ROB STEIN, BYLINE: There's a scientific theory called the hygiene hypothesis, and it basically says this - people in developed countries are growing up way too clean. We use too much hand gel, too many detergents, go way too crazy trying to sterilize our lives. Bill Hesselmar studies the hygiene hypothesis at Gothenburg University in Sweden.
BILL HESSELMAR: We think it's good to be exposed to bacteria, especially early in life, and that's the hygiene hypothesis.
STEIN: Because being exposed to bacteria early in life trains babies' immune systems how to work. And if they don't get this training, their immune systems are more likely to misfire and overreact causing lots of diseases like allergies, eczema, asthma. So Hesselmar and his colleagues have been trying to figure out some of the simple day-to-day ways we're being too clean. In their latest research, they took a look at how people wash their dishes, whether they use a dishwashing machine or just wash their dishes by hand.

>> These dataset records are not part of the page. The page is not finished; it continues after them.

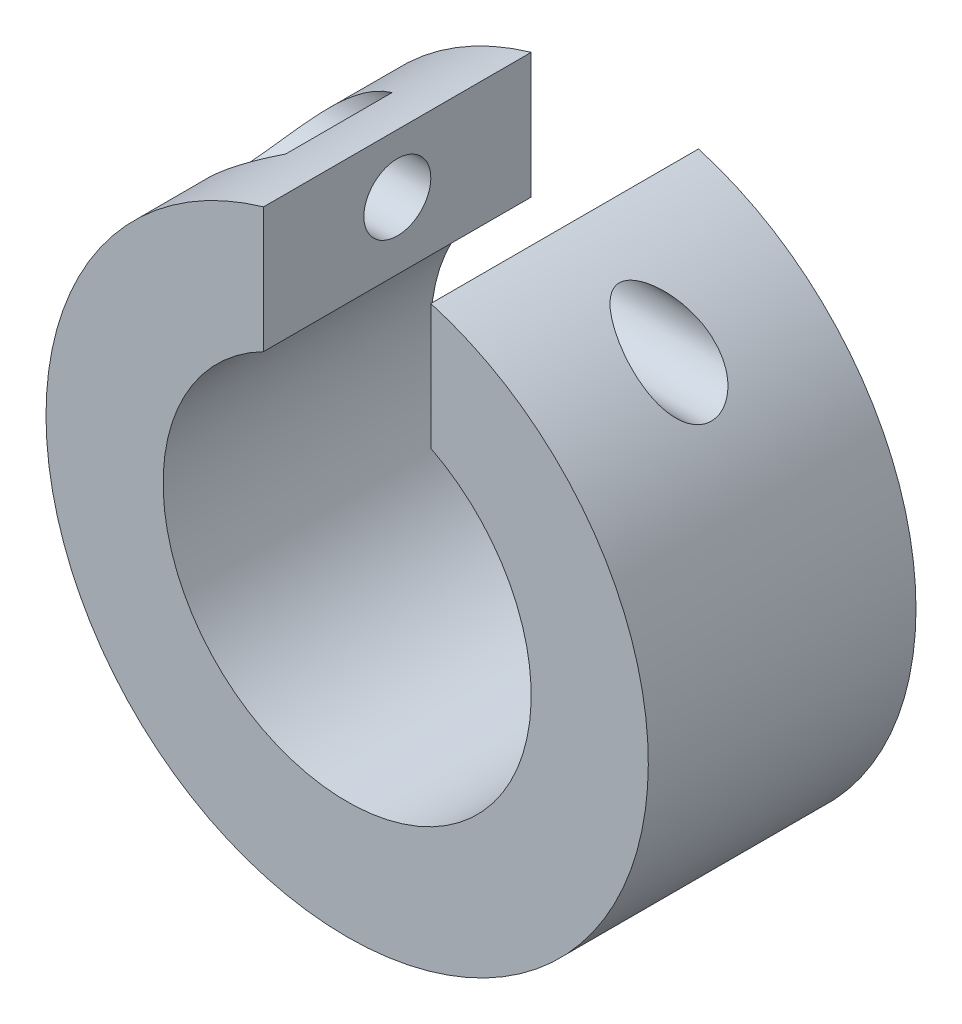
SolidWorks part; units mm, degrees
ref_plane "Plan de face" through (0, 0, 0) normal (0, 0, 1) x (1, 0, 0)
ref_plane "Plan de dessus" through (0, 0, 0) normal (0, 1, 0) x (1, 0, 0)
ref_plane "Plan de droite" through (0, 0, 0) normal (1, 0, 0) x (0, 0, -1)
sketch "Esquisse1" plane through (0, 0, 0) normal (0, 0, 1) x (1, 0, 0)
  circle A0 centre (0, 0) radius 5.5
  circle A1 centre (0, 0) radius 9
  dimension "D1" = 11
  dimension "D2" = 18
extrude "Boss.-Extru.1" add sketch "Esquisse1" along normal blind 8
sketch "Esquisse2" plane through (0, 0, 8) normal (0, 0, 1) x (1, 0, 0)
  line L1 (2.5, 3) -> (-2.5, 3)
  line L2 (2.5, 3) -> (2.5, 11)
  line L3 (2.5, 11) -> (-2.5, 11)
  line L4 (-2.5, 3) -> (-2.5, 11)
  dimension "D1" = 8
  dimension "D2" = 5
  dimension "D3" = 2.5
  dimension "D4" = 3
extrude "Enlèv. mat.-Extru.1" cut sketch "Esquisse2" against normal up to next
sketch "Esquisse8" plane through (-2.5, 0, 0) normal (1, 0, 0) x (0, 0, -1)
  line L0 (-8, 8.6458) -> (-8, 4.899) construction
  line L2 (0, 8.6458) -> (-8, 8.6458) construction
  circle A0 centre (-4, 6.8958) radius 1
  dimension "D1" = 2
  dimension "D2" = 4
  dimension "D3" = 1.75
extrude "Enlèv. mat.-Extru.2" cut sketch "Esquisse8" against normal up to next
ref_plane "Plan1" through (7, 0, 0) normal (-1, 0, 0) x (0, 0, 1)
hole_wizard "Dégagement M21" positions "Esquisse19" profile "Esquisse20" hole size "M2" standard "ISO" end condition up to next
sketch "Esquisse19" plane through (7, 0, 0) normal (-1, 0, 0) x (0, 0, 1)
  point P0 (4, 6.8958)
sketch "Esquisse20" plane through (7, 6.8958, 4) normal (0, 1, 0) x (0, 0, -1)
  line L0 (0, 0) -> (0, 4.5)
  line L1 (0, 4.5) -> (1.1, 4.5)
  line L2 (1.1, 4.5) -> (1.1, 0)
  line L5 (1.1, 0) -> (0, 0)
  line L11 (0, -6.35) -> (0, 107.95) construction
  dimension "Diamètre du perçage jusqu'au prochain" = 2.2
  dimension "Profondeur du perçage jusqu'au prochain" = 4.5
ref_plane "Plan2" through (-7, 0, 0) normal (1, 0, 0) x (0, 0, -1)
sketch "Esquisse21" plane through (-7, 0, 0) normal (1, 0, 0) x (0, 0, -1)
  circle A0 centre (-4, 6.8958) radius 1.9
  dimension "D1" = 3.8
extrude "Enlèv. mat.-Extru.4" cut sketch "Esquisse21" along normal blind 2.75 and the other way blind 2.75 contours A0
equation "\"D2@Esquisse8\"=\"D1@Boss.-Extru.1\"/2"
equation "\"D3@Esquisse8\"=(\"D2@Esquisse1\"-\"D1@Esquisse1\")/4"

HESSELMAR: The hypothesis was that these different dishwashing methods, they are not equally good in reducing bacteria from eating utensils and so on. So we thought that perhaps hand dishwashing was less effective so that you are exposed to more bacteria.
STEIN: Which would be good, according to the hygiene hypothesis, assuming they're not the kinds of bacteria that make people sick. And in this week's issue of the journal Pediatrics, the researchers report what they found by studying 7- and 8-year-old kids living in more than a thousand families in Sweden.
HESSELMAR: In families who used the hand dishwashing, the children had less allergy. It was reduced by about 50 percent.
STEIN: They were about half as likely to develop asthma, eczema or hay fever.
HESSELMAR: It is very interesting, I think, that very common lifestyle factor like dishwashing that we could see effects on allergy development.
STEIN: Other researchers say the new study may be onto something. Todd Mahr is an allergy expert at the American Academy of Pediatrics.
TODD MAHR: I think it's very intriguing and lends one more, you know, X on the column for the hygiene hypothesis, that maybe how we live does influence whether we develop allergies.
STEIN: But both Hesselmar and Mahr caution that much more research is needed to prove that the increasing use of dishwashing machines may be one reason why allergies in kids are skyrocketing. So they're not ready to recommend parents stop using dishwashers to protect their kids.
MAHR: If you're looking at, we have only a certain amount of money and we're looking at buying a dishwasher or we're looking at spending it on something else, well, this might give you an argument to say, well, maybe spend it on something else if that fits into your lifestyle choice, OK? Some people may say, I really don't like doing dishes (laughter). I want a dishwasher. And it's like, well, you know, I'm not convinced that that's going to make that big a difference.
STEIN: But for people who like doing dishes, Hesselmar says it probably wouldn't hurt and just might reduce the chances their kids will get allergies, asthma and other problems caused by living in a world that's too clean. Rob Stein, NPR News.